O Coração Ainda Bate. Sem conserto

Inês Meneses escreve sobre aquilo que teimamos em adiar.

É assustador como adiamos tantas coisas na nossa vida. No meu caso, pode ser um qualquer pacote aberto que teima em ter um prazo de validade, e eu, mais teimosa ainda, fecho a porta do frigorífico e penso: um dia vai ser, mas não é hoje. Abro e fecho a porta do frigorífico com um sorriso sardónico que em breve irá virar-se contra mim.

Fazemos isto com tudo. Com decisões difíceis também. Vamos empurrando as questões que se penduram nos nossos ombros. Há dias em que elas se insinuam de forma mais evidente e estão ali a devorar-nos o sono. Não, eu não durmo bem porque sou ansiosa, mas durmo com a minha consciência tranquila. No fundo, a minha cama não chega para tanto. Daí as insónias, que espreitam pela brecha da janela, tomam conta de nós sem que possamos escolher o dia. Vamos sempre dizer: tinha de ser hoje!
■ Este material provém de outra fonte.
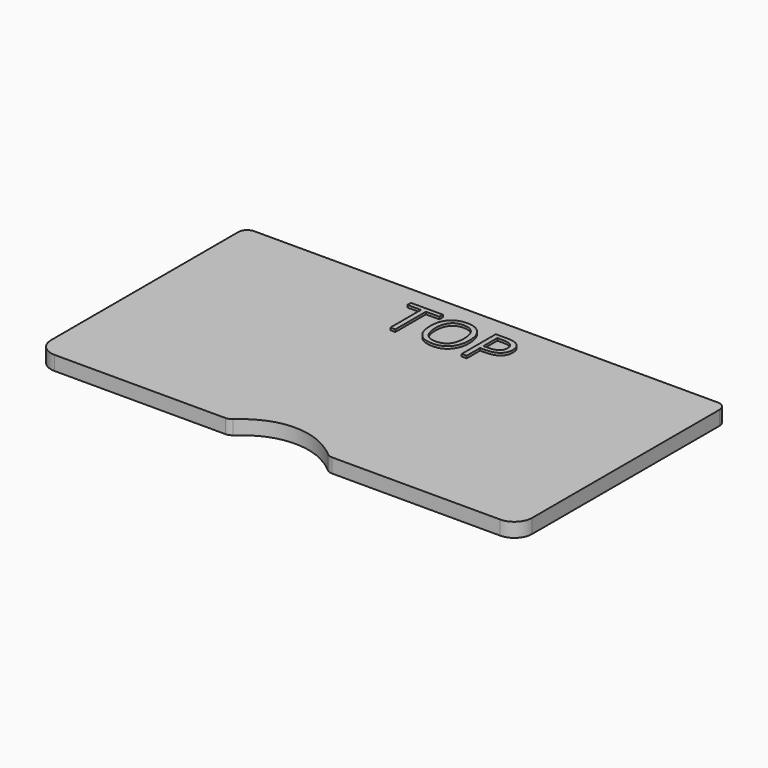
from build123d import *

# Parameters (mm, degrees)
F1_DEPTH     = 1.524
F2_R         = 0.9525
F3_R         = 1.905
F4_TEXT_SIZE = 6.3966959715
F5_DEPTH     = 0.254


# Not quite as in the source:
# - Text() gives the source's letters only with a copy of the font that has no kerning and outlines rounded to 1/6400 em; it was checked with that copy


with BuildPart() as f1:
    # F0 (on Top) → F1 (new body)
    with BuildSketch(Plane.XY):
        with BuildLine():
            Line((-25.781, 13.97), (-25.781, -13.97))
            Line((-25.781, -13.97), (-5.1949317567, -13.97))
            add(Edge.make_bspline(
                [(-5.1949317567, -13.97), (-3.4827579036, -12.3440297914), (0.0036350037, -11.0380310877), (3.6538117697, -12.3147736347), (5.511269439, -13.97)],
                knots=[0, 0, 0, 0, 0.4937522698, 1, 1, 1, 1], degree=3))
            Line((5.511269439, -13.97), (25.781, -13.97))
            Line((25.781, -13.97), (25.781, 13.97))
            Line((25.781, 13.97), (-25.781, 13.97))
        make_face()
    extrude(amount=F1_DEPTH)

    # F2
    f2_edges = [f1.edges().sort_by_distance(p)[0] for p in [
        (-25.781, 13.97, 0.762),
        (25.781, 13.97, 0.762),
        (-5.194932, -13.97, 0.762),
        (5.511269, -13.97, 0.762),
    ]]
    fillet(f2_edges, radius=F2_R)

    # F3
    f3_edges = [f1.edges().sort_by_distance(p)[0] for p in [
        (25.781, -13.97, 0.762),
        (-25.781, -13.97, 0.762),
    ]]
    fillet(f3_edges, radius=F3_R)

    # F4 (on face) → F5 (join)
    with BuildSketch(Plane.XY.offset(1.524)):
        with Locations((-6.2292824441, 7.0737572387)):
            Text('TOP', F4_TEXT_SIZE, font='Open Sans', text_align=(TextAlign.LEFT, TextAlign.BOTTOM))
    extrude(amount=F5_DEPTH)


solid = f1.part

É sempre na pior noite: na que antecede um dia em cheio.

Não era nada de relevante o que adiava, tendo em conta que são muitas as coisas que me podem tirar o sono. Uma injustiça pode tirar-me o sono. Alguém que me magoou em surdina pode tirar-me o sono. Uma pessoa dúbia que não me olha nos olhos tira-me o sono. A desconfiança é amiga da insónia. Não tenho dúvidas. O pensamento galga os lençóis e dissemina-se de forma perigosa.

Era só um filme que eu nunca mais tinha conseguido ver. Um filme que me tinha levado ao cinema, ecrã gigante a transbordar um preto-e-branco triste que me colou o estômago às costas.

Quando fico muito triste, é assim que me sinto: de estômago colado às costas.

O filme chama-se “Cold War”. Polaco e frio, com a boémia de Paris pelo meio, com o jazz e as noites em que não se mede os copos, mas os sentimentos, por mais que estejam escondidos numa garrafa aberta. Tudo se pode revelar num gesto frágil que parecia inconsequente.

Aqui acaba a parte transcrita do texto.